Akidenin, duruşun, vizyonun merhalesi olmayacağı ve hiçbir şekilde bâtıldan hakka giden bir yol olamayacağı gerçeklerinden hareketle, “demokrasi ve özgürlük” gibi seküler Batılı kavramları bayraklaştıran ve küresel istikbara karşı bir duruşu olmayan “Özgür Suriye” vizyonuna omuz vermekten titizlikle kaçınmak ve “İslami Suriye” vizyonunun güçlenmesi için taraf olmak durumundayız.

“İnsani yardım”larımızın yanı sıra, bu açıdan yapacağımız “İslami yardım”larımızla da Suriyeli kardeşlerimizin yanında olmalıyız.

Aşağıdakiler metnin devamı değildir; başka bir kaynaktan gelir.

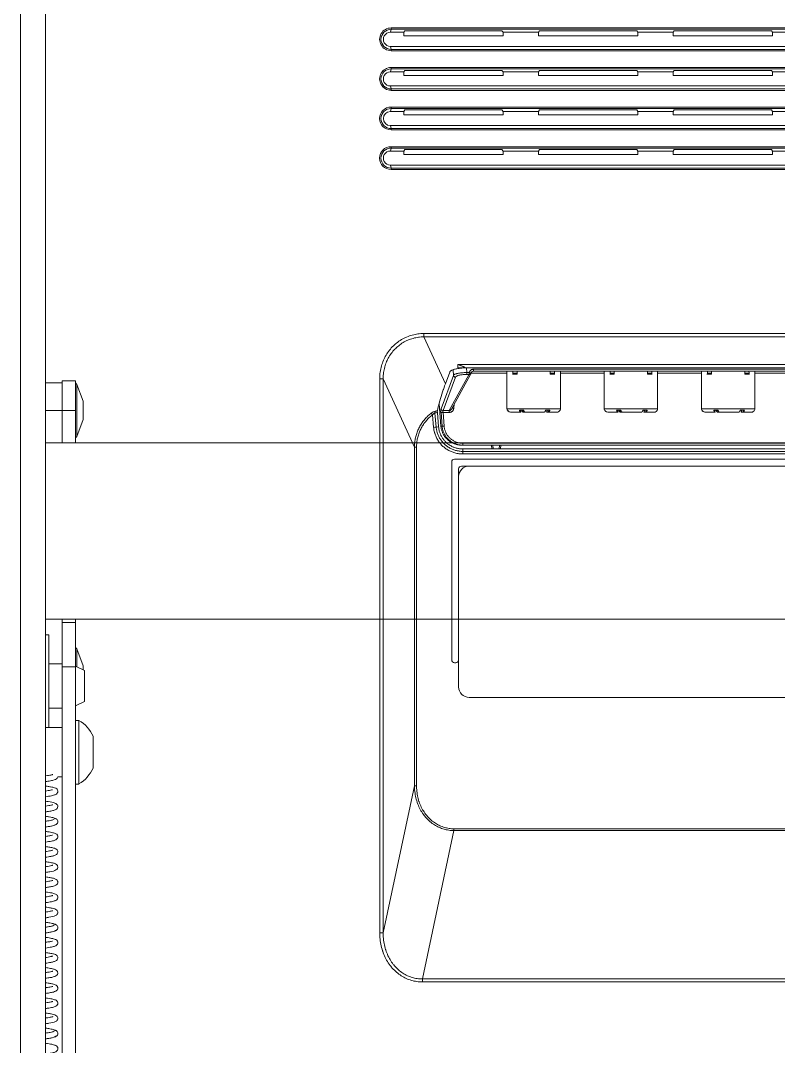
# Model space of a CAD drawing. Header units: millimetres. Extents: x -71336 to -35435, y -26189 to 22712.
# Drawn here: x -68744.3 to -68635.2, y -17476.9 to -17329.2 of the extents above; entities that cross this region are included whole.
import ezdxf

# ---------------------------------------------------------------- set-up
doc = ezdxf.new("R2010")
doc.units = ezdxf.units.MM
doc.layers.add('SC - Equipment', color=7, linetype='Continuous', lineweight=13)

# ---------------------------------------------------------------- blocks, each defined once
blk = doc.blocks.new('SONY FW-49XE8001 - BACK')
at = {"layer": 'SC - Equipment', "color": 251, "true_color": 0x636466, "transparency": 33554495}
for points in [[(171.72, 245.17), (171.81, 245.6), (171.81, 245.8), (325.53, 245.8), (325.53, 245.6), (171.81, 245.6, 0.999697), (171.81, 242.71), (325.53, 242.71), (325.63, 243.14)], [(173.65, 245.17), (171.72, 245.17, 1.000016), (171.72, 243.14), (325.63, 243.14, 1.000129), (325.63, 245.17), (323.7, 245.17), (323.7, 244.67), (309.41, 244.67), (309.41, 245.17), (309.56, 245.38), (323.55, 245.38), (323.7, 245.17)], [(171.72, 243.14), (171.81, 242.71), (171.81, 242.51), (325.53, 242.51), (325.53, 242.71, 0.99972), (325.53, 245.6), (325.63, 245.17)], [(171.72, 237.44), (171.81, 237.01), (171.81, 236.81), (325.53, 236.81), (325.53, 237.01), (171.81, 237.01, -0.999619), (171.81, 239.9), (325.53, 239.9), (325.53, 240.1), (171.81, 240.1), (171.81, 239.9), (171.72, 239.47)], [(173.65, 239.47), (171.72, 239.47, 1.000016), (171.72, 237.44), (325.63, 237.44, 1.000129), (325.63, 239.47), (323.7, 239.47), (323.55, 239.68), (309.56, 239.68), (309.41, 239.47)], [(171.72, 231.74), (171.81, 231.31), (171.81, 231.11), (325.53, 231.11), (325.53, 231.31), (171.81, 231.31, -0.9996), (171.81, 234.2), (325.53, 234.2), (325.53, 234.4), (171.81, 234.4), (171.81, 234.2), (171.72, 233.77)], [(173.65, 233.77), (171.72, 233.77, 0.999982), (171.72, 231.74), (325.63, 231.74, 1.000055), (325.63, 233.77), (323.7, 233.77), (323.55, 233.98), (309.56, 233.98), (309.41, 233.77)], [(171.72, 226.04), (171.81, 225.61), (171.81, 225.41), (325.53, 225.41), (325.53, 225.61), (171.81, 225.61, -0.999605), (171.81, 228.5), (325.53, 228.5), (325.53, 228.7), (171.81, 228.7), (171.81, 228.5), (171.72, 228.07)], [(173.65, 228.07), (171.72, 228.07, 1.000029), (171.72, 226.04), (325.63, 226.04, 1.00014), (325.63, 228.07), (323.7, 228.07), (323.55, 228.28), (309.56, 228.28), (309.41, 228.07)], [(350.37, 201.31), (176.52, 201.31), (176.33, 201.3), (176.13, 201.3), (175.93, 201.28), (175.74, 201.26), (175.56, 201.23), (175.37, 201.19), (175.18, 201.15), (174.98, 201.1), (174.79, 201.05), (174.61, 200.99), (174.43, 200.92), (174.25, 200.85), (174.07, 200.77), (173.89, 200.68), (173.72, 200.59), (173.55, 200.49), (173.38, 200.39), (173.22, 200.28), (173.06, 200.17), (172.91, 200.04), (172.77, 199.93), (172.62, 199.8), (172.48, 199.66), (172.34, 199.52), (172.2, 199.38), (172.08, 199.23), (171.95, 199.07), (171.83, 198.92), (171.72, 198.75), (171.61, 198.58), (171.51, 198.41), (171.41, 198.24), (171.32, 198.06), (171.25, 197.93), (171.17, 197.75), (171.1, 197.56), (171.03, 197.37), (170.96, 197.18), (170.91, 196.98), (170.85, 196.78), (170.81, 196.58), (170.77, 196.38), (170.74, 196.18), (170.71, 195.97), (170.69, 195.77), (170.69, 195.69), (170.68, 195.48), (170.68, 195.27), (170.18, 195.27), (170.18, 115.48), (170.68, 115.48), (170.68, 195.27), (175.18, 185.44), (175.48, 185.44), (175.48, 185.6), (175.49, 185.75), (175.5, 185.91), (175.5, 185.95), (175.52, 186.1), (175.54, 186.26), (175.56, 186.42), (175.59, 186.57), (175.62, 186.73), (175.66, 186.88), (175.7, 187.03), (175.74, 187.18), (175.79, 187.33), (175.84, 187.48), (175.89, 187.62), (175.95, 187.76), (176.01, 187.9), (176.08, 188.04), (176.15, 188.18), (176.22, 188.31), (176.3, 188.44), (176.38, 188.57), (176.46, 188.7), (176.55, 188.83), (176.64, 188.95), (176.7, 189.03), (176.8, 189.15), (176.9, 189.27), (177, 189.38), (177.1, 189.49), (177.21, 189.6), (177.32, 189.71), (177.43, 189.81), (177.55, 189.9), (177.66, 190), (177.78, 190.09, -0.150925), (178.13, 190.35, -0.016115), (178.48, 190.4)], [(181.45, 196.76), (181.48, 196.76), (181.56, 196.77), (181.63, 196.78), (181.69, 196.79), (181.77, 196.8), (181.85, 196.81), (181.93, 196.82), (182.01, 196.82), (182.09, 196.83), (182.17, 196.83), (182.25, 196.84, -0.004677), (182.41, 196.85), (182.42, 196.85), (182.43, 196.85), (182.44, 196.85), (182.45, 196.85), (182.45, 196.86), (182.45, 196.87), (182.45, 196.87), (182.45, 196.88), (182.44, 196.89), (182.43, 196.9), (182.42, 196.91), (182.39, 196.93), (182.36, 196.94), (182.32, 196.97), (182.28, 196.99), (182.23, 197.02), (182.18, 197.04), (182.08, 197.09), (182.03, 197.11), (181.92, 197.15), (181.87, 197.18), (181.76, 197.22), (181.66, 197.26), (181.55, 197.31), (181.43, 197.35)], [(183.01, 195.84, 0.223361), (183.27, 195.99, -0.19531), (183.06, 195.91, 0.023538), (183.01, 195.84), (180.2, 190.7), (180.2, 190.43), (179.3, 190.43), (179.46, 188.46), (179.44, 188.46), (179.41, 188.46), (179.38, 188.46), (179.35, 188.46), (179.32, 188.45), (179.29, 188.45), (179.26, 188.45), (179.25, 188.45), (179.22, 188.45), (179.19, 188.46), (179.18, 188.46), (179.17, 188.46), (179.16, 188.46), (179.17, 188.36), (179.18, 188.27), (179.2, 188.17), (179.22, 188.07), (179.24, 187.97), (179.24, 187.96), (179.27, 187.86), (179.3, 187.77), (179.33, 187.67), (179.37, 187.58), (179.41, 187.49), (179.45, 187.4), (179.49, 187.31), (179.54, 187.22), (179.59, 187.14), (179.65, 187.05), (179.7, 186.97), (179.76, 186.89), (179.82, 186.81), (179.83, 186.8), (179.9, 186.72), (179.97, 186.65), (180.04, 186.58), (180.11, 186.51), (180.18, 186.44), (180.26, 186.38), (180.34, 186.32), (180.42, 186.26), (180.5, 186.2), (180.59, 186.15), (180.6, 186.15), (180.69, 186.1), (180.78, 186.05), (180.87, 186), (180.96, 185.96), (181.05, 185.93), (181.14, 185.89), (181.24, 185.86), (181.34, 185.83), (181.43, 185.81), (181.53, 185.79), (181.63, 185.77), (181.73, 185.75), (181.74, 185.75), (181.84, 185.74), (181.94, 185.73), (182.04, 185.73), (182.14, 185.72), (182.14, 186), (344.75, 186)], [(180.49, 190.89), (183.28, 195.98), (183.28, 195.99), (183.3, 196.03), (183.31, 196.03, 0.092477), (183.35, 196.14), (183.37, 196.19), (183.42, 196.27), (183.5, 196.33), (183.59, 196.37), (183.66, 196.37), (343.23, 196.37), (343.24, 196.37), (343.29, 196.37), (343.38, 196.34), (343.46, 196.28), (343.51, 196.2), (343.54, 196.14, 0.092477), (343.58, 196.03), (343.59, 196.03), (343.61, 195.99), (343.61, 195.98), (346.4, 190.89)], [(181.09, 195.51, -0.369325), (180.79, 195.77), (180.81, 195.79), (180.82, 195.81), (180.84, 195.83), (180.86, 195.85), (180.89, 195.87), (180.92, 195.89), (180.96, 195.91), (180.99, 195.92), (181.06, 195.95), (181.13, 195.97), (181.21, 196), (181.29, 196.02), (181.38, 196.04), (181.42, 196.05), (181.53, 196.07), (181.66, 196.09), (181.79, 196.11), (181.93, 196.13), (182.03, 196.14), (182.18, 196.15), (182.35, 196.16), (182.51, 196.17), (182.68, 196.18), (182.74, 196.18), (183.06, 196.18), (183.06, 195.91), (182.74, 195.91)], [(188.49, 196.37), (188.49, 190.97, 0.113424), (188.54, 190.76), (188.58, 190.76, 0.083592), (188.66, 190.61, 0.183301), (189, 190.47)], [(189.33, 195.91, -0.000002), (189.36, 196.37, 0.000003), (189.33, 195.92), (189.95, 195.92, 0.000147), (189.95, 196.37)], [(194.33, 190.76, 0.000023), (194.2, 190.47), (195.69, 190.47, 0.277894), (196.14, 190.76), (196.15, 190.76, 0.113367), (196.19, 190.97), (196.19, 196.37)], [(194.74, 196.37, 0.000818), (194.74, 195.92), (195.36, 195.92, 0.00003), (195.33, 196.37, 0.00038), (195.36, 195.91)], [(202.49, 196.37), (202.49, 190.97, 0.113424), (202.54, 190.76), (202.58, 190.76, 0.083466), (202.66, 190.61, 0.183301), (203, 190.47)], [(203.33, 195.91, -0.000002), (203.36, 196.37, 0.000003), (203.33, 195.92), (203.95, 195.92, 0.000227), (203.95, 196.37)], [(208.33, 190.76, 0.000023), (208.2, 190.47), (209.69, 190.47, 0.277881), (210.14, 190.76), (210.15, 190.76, 0.112675), (210.19, 190.97), (210.19, 196.37)], [(208.74, 196.37, 0.000818), (208.74, 195.92), (209.36, 195.92, -0.000003), (209.33, 196.37, 0.00046), (209.36, 195.91)], [(217, 190.47, -0.183301), (216.66, 190.61, -0.083535), (216.58, 190.76), (216.54, 190.76, -0.113367), (216.49, 190.97), (216.49, 196.37)], [(217.33, 195.91, -0.000002), (217.36, 196.37, 0.000003), (217.33, 195.92), (217.95, 195.92, 0.000227), (217.95, 196.37)], [(224.19, 196.37), (224.19, 190.97, -0.112675), (224.15, 190.76), (224.14, 190.76, -0.277894), (223.69, 190.47), (222.2, 190.47, -0.000023), (222.33, 190.76)], [(222.74, 196.37, 0.000738), (222.74, 195.92), (223.36, 195.92, -0.000003), (223.33, 196.37, -0.000003), (223.36, 195.91)], [(178.66, 188.35), (178.31, 188.32), (178.13, 190.35), (178.13, 190.37), (178.13, 190.4), (178.13, 190.43), (178.13, 190.44), (178.14, 190.47), (178.14, 190.5), (178.15, 190.53), (178.17, 190.55), (178.18, 190.58), (178.2, 190.6), (178.22, 190.62, -0.011772), (178.48, 190.66)], [(179.01, 190.96, 0.369047), (179.31, 190.7), (179.3, 190.68), (179.3, 190.67), (179.29, 190.65), (179.29, 190.62), (179.29, 190.6), (179.29, 190.59), (179.29, 190.56), (179.29, 190.54), (179.29, 190.51), (179.3, 190.49), (179.3, 190.46), (179.3, 190.43), (179.28, 190.43), (179.25, 190.43), (179.22, 190.43), (179.19, 190.43), (179.16, 190.43), (179.14, 190.42), (179.11, 190.42), (179.1, 190.42), (179.07, 190.43), (179.04, 190.43), (179.03, 190.43), (179.02, 190.43), (179.01, 190.43), (179.16, 188.46), (178.99, 188.46)], [(191.11, 190.47), (191.09, 190.48), (191.07, 190.48), (191.06, 190.49), (191.04, 190.5), (191.02, 190.52), (191, 190.54), (190.98, 190.56), (190.96, 190.59), (190.94, 190.63), (190.94, 190.64), (190.92, 190.67), (190.91, 190.71), (190.9, 190.74), (190.9, 190.76), (190.28, 190.76), (190.29, 190.72), (190.3, 190.68), (190.31, 190.65), (190.32, 190.63), (190.33, 190.6), (190.35, 190.57), (190.37, 190.54), (190.39, 190.52), (190.41, 190.51), (190.43, 190.49), (190.43, 190.49), (190.45, 190.48), (190.47, 190.48), (190.49, 190.47), (189, 190.47, -0.287019), (188.58, 190.76)], [(190.61, 190.76), (190.62, 190.72), (190.64, 190.68), (190.64, 190.66), (190.66, 190.63), (190.68, 190.59), (190.7, 190.57), (190.72, 190.54), (190.74, 190.52), (190.76, 190.51), (190.78, 190.49), (190.79, 190.49), (190.81, 190.48), (190.84, 190.48), (190.86, 190.47), (193.83, 190.47), (193.85, 190.48), (193.88, 190.48), (193.9, 190.49), (193.92, 190.5), (193.94, 190.52), (193.96, 190.54), (193.98, 190.56), (194, 190.59), (194.02, 190.62), (194.03, 190.64), (194.05, 190.67), (194.06, 190.71), (194.07, 190.75), (194.08, 190.76), (194.67, 190.76), (194.66, 190.72), (194.64, 190.68), (194.64, 190.66), (194.62, 190.63), (194.6, 190.59), (194.58, 190.57), (194.56, 190.54), (194.54, 190.52), (194.52, 190.51), (194.5, 190.49), (194.49, 190.49), (194.47, 190.48), (194.45, 190.48), (194.43, 190.47, 0.000463), (194.55, 190.7)], [(190.73, 190.7, 0.001723), (190.79, 190.59, 0.001016), (190.86, 190.47)], [(205.11, 190.47), (205.09, 190.48), (205.07, 190.48), (205.06, 190.49), (205.04, 190.5), (205.02, 190.52), (205, 190.54), (204.98, 190.56), (204.96, 190.59), (204.94, 190.63), (204.94, 190.64), (204.92, 190.67), (204.91, 190.71), (204.9, 190.74), (204.9, 190.76), (204.28, 190.76), (204.29, 190.72), (204.3, 190.68), (204.31, 190.65), (204.32, 190.63), (204.33, 190.6), (204.35, 190.57), (204.37, 190.54), (204.39, 190.52), (204.41, 190.51), (204.43, 190.49), (204.43, 190.49), (204.45, 190.48), (204.47, 190.48), (204.49, 190.47), (203, 190.47, -0.287006), (202.58, 190.76)], [(204.61, 190.76), (204.62, 190.72), (204.64, 190.68), (204.64, 190.66), (204.66, 190.63), (204.68, 190.59), (204.7, 190.57), (204.72, 190.54), (204.74, 190.52), (204.76, 190.51), (204.78, 190.49), (204.79, 190.49), (204.81, 190.48), (204.84, 190.48), (204.86, 190.47), (207.83, 190.47), (207.85, 190.48), (207.88, 190.48), (207.9, 190.49), (207.92, 190.5), (207.94, 190.52), (207.96, 190.54), (207.98, 190.56), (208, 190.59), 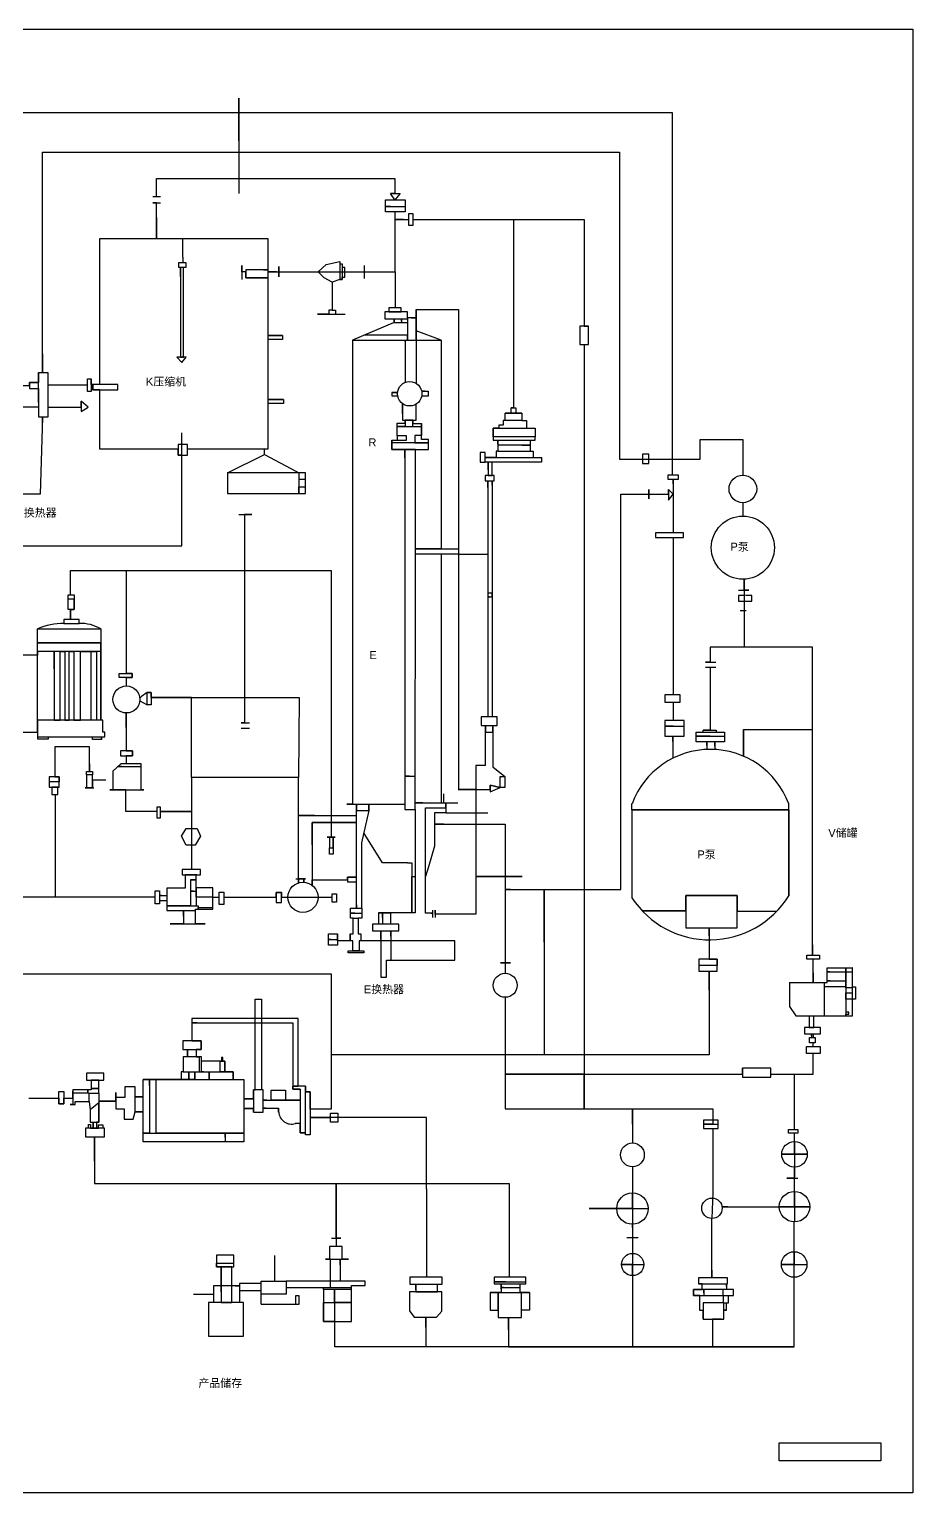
# Model space of a CAD drawing. Header units: millimetres. Extents: x 0 to 12.8, y 0 to 12.8.
# Drawn here: x 5.07 to 12.8, y 0 to 12.8 of the extents above; entities that cross this region are included whole.
import ezdxf

# ---------------------------------------------------------------- set-up
doc = ezdxf.new("R2010")
doc.units = ezdxf.units.MM
doc.styles.get("Standard").update_dxf_attribs({"font": 'arial.ttf'})
picture_1 = doc.add_image_def('image1.png', size_in_pixel=(1280, 1280))
picture_2 = doc.add_image_def('image2.png', size_in_pixel=(192, 34))

# ---------------------------------------------------------------- blocks, each defined once
blk = doc.blocks.new('工艺流程图_原始照片')
image = blk.add_image(picture_1, insert=(0, 0), size_in_units=(12.8, 12.8))
image.dxf.flags = 15
image = blk.add_image(picture_2, insert=(11.633, 0.278), size_in_units=(0.889, 0.157))
image.dxf.flags = 15

msp = doc.modelspace()

# ---------------------------------------------------------------- linework, layer by layer
for p, q in [((6.905, 11.823), (6.905, 12.197)), ((6.905, 12.197), (6.905, 11.365)), ((4.628, 12.072), (10.697, 12.072)), ((10.697, 12.072), (10.697, 8.899)), ((5.189, 9.797), (5.189, 11.726)), ((5.189, 11.726), (10.236, 11.726)), ((10.236, 11.726), (10.236, 9.041)), ((6.184, 11.334), (6.184, 11.495)), ((6.184, 11.495), (8.271, 11.495)), ((8.271, 11.495), (8.271, 11.365)), ((6.221, 11.334), (6.152, 11.334)), ((6.184, 11.283), (6.152, 11.283)), ((6.152, 11.283), (6.221, 11.283)), ((6.184, 10.971), (6.184, 11.283)), ((8.187, 11.204), (8.187, 11.307)), ((8.187, 11.307), (8.359, 11.307)), ((8.271, 11.365), (8.233, 11.365)), ((8.233, 11.365), (8.315, 11.365)), ((8.271, 11.307), (8.233, 11.365)), ((8.315, 11.365), (8.271, 11.307)), ((8.359, 11.307), (8.359, 11.204)), ((6.184, 11.153), (6.184, 10.971)), ((8.233, 11.249), (8.187, 11.249)), ((8.187, 11.249), (8.359, 11.249)), ((8.273, 11.204), (8.187, 11.204)), ((8.273, 10.679), (8.273, 11.204)), ((8.359, 11.204), (8.273, 11.204)), ((8.346, 11.136), (8.273, 11.136)), ((8.273, 11.136), (8.392, 11.136)), ((8.392, 11.136), (8.392, 11.188)), ((8.392, 11.188), (8.427, 11.188)), ((8.392, 11.084), (8.392, 11.136)), ((8.427, 11.188), (8.427, 11.084)), ((8.427, 11.136), (9.309, 11.136)), ((9.309, 11.136), (9.309, 9.489)), ((9.309, 11.136), (9.926, 11.136)), ((9.926, 11.136), (9.926, 10.203)), ((8.427, 11.084), (8.392, 11.084)), ((5.688, 9.694), (5.688, 10.971)), ((5.688, 10.971), (7.158, 10.971)), ((6.415, 10.808), (6.415, 10.971)), ((7.158, 10.971), (7.158, 9.126)), ((6.415, 10.758), (6.378, 10.758)), ((6.378, 10.758), (6.378, 10.719)), ((6.415, 10.808), (6.415, 10.758)), ((6.444, 10.758), (6.415, 10.758)), ((6.444, 10.719), (6.444, 10.758)), ((7.669, 10.744), (7.788, 10.768)), ((7.788, 10.768), (7.788, 10.612)), ((7.788, 10.768), (7.788, 10.747)), ((6.378, 10.719), (6.444, 10.719)), ((6.396, 10.637), (6.396, 10.719)), ((6.396, 10.719), (6.396, 9.932)), ((6.42, 9.932), (6.42, 10.719)), ((6.93, 10.679), (6.93, 10.733)), ((6.93, 10.733), (6.93, 10.612)), ((6.965, 10.679), (6.93, 10.679)), ((7.158, 10.695), (6.965, 10.695)), ((6.965, 10.695), (6.965, 10.625)), ((6.965, 10.625), (6.965, 10.679)), ((6.965, 10.625), (7.158, 10.625)), ((7.158, 10.625), (6.965, 10.625)), ((7.12, 10.695), (7.158, 10.695)), ((7.234, 10.679), (7.158, 10.679)), ((7.158, 10.679), (7.256, 10.679)), ((7.256, 10.679), (7.256, 10.725)), ((7.256, 10.725), (7.256, 10.636)), ((7.256, 10.636), (7.256, 10.679)), ((7.256, 10.679), (7.599, 10.679)), ((7.599, 10.679), (7.669, 10.744)), ((7.652, 10.625), (7.599, 10.679)), ((7.599, 10.679), (8.033, 10.679)), ((7.723, 10.588), (7.652, 10.625)), ((7.788, 10.747), (7.809, 10.747)), ((7.809, 10.747), (7.809, 10.612)), ((7.832, 10.716), (7.809, 10.716)), ((7.809, 10.612), (7.809, 10.633)), ((7.809, 10.633), (7.832, 10.633)), ((7.832, 10.633), (7.832, 10.716)), ((8.001, 10.735), (8.001, 10.619)), ((8.033, 10.679), (8.273, 10.679)), ((8.273, 10.679), (8.273, 10.363)), ((7.788, 10.612), (7.723, 10.588)), ((7.723, 10.588), (7.723, 10.343)), ((7.809, 10.612), (7.788, 10.612)), ((7.788, 10.612), (7.809, 10.612)), ((7.692, 10.307), (7.592, 10.307)), ((7.592, 10.307), (7.834, 10.307)), ((7.723, 10.343), (7.692, 10.343)), ((7.692, 10.343), (7.692, 10.307)), ((7.723, 10.343), (7.75, 10.343)), ((7.75, 10.343), (7.75, 10.307)), ((8.216, 10.33), (8.183, 10.33)), ((8.183, 10.33), (8.183, 10.266)), ((8.183, 10.266), (8.381, 10.266)), ((8.273, 10.363), (8.216, 10.363)), ((8.216, 10.363), (8.216, 10.33)), ((8.381, 10.33), (8.216, 10.33)), ((8.216, 10.33), (8.326, 10.33)), ((8.264, 10.235), (8.264, 10.266)), ((8.264, 10.266), (8.264, 10.235)), ((8.326, 10.363), (8.273, 10.363)), ((8.326, 10.33), (8.326, 10.363)), ((8.328, 10.248), (8.328, 10.266)), ((8.328, 10.266), (8.328, 10.235)), ((8.381, 10.266), (8.381, 10.33)), ((8.457, 10.276), (8.381, 10.276)), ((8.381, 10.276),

[1] Söz konusu yazının son paragrafı şöyle: “Belki Findley’den bir adım ileri gidebilirim: Her ikisi de Batı’nın liberal ilke ve değerlerden etkilenen, laik ve İslami yenilikçi gelenekler arasındaki sentez, post-modern Türkiye’nin doğuşunun temellerini atıyor. Bu çok sancılı, iniş çıkışlı bir süreç, ama farklı dinsel inançlara ve etnik kimliklere saygılı, çok-kültürlü Türkiye’ye doğru gidiş artık gündemde.” (Şahin Alpay, Postmodern Türkiye'ye Doğru, 6 Şubat 2013, Zaman)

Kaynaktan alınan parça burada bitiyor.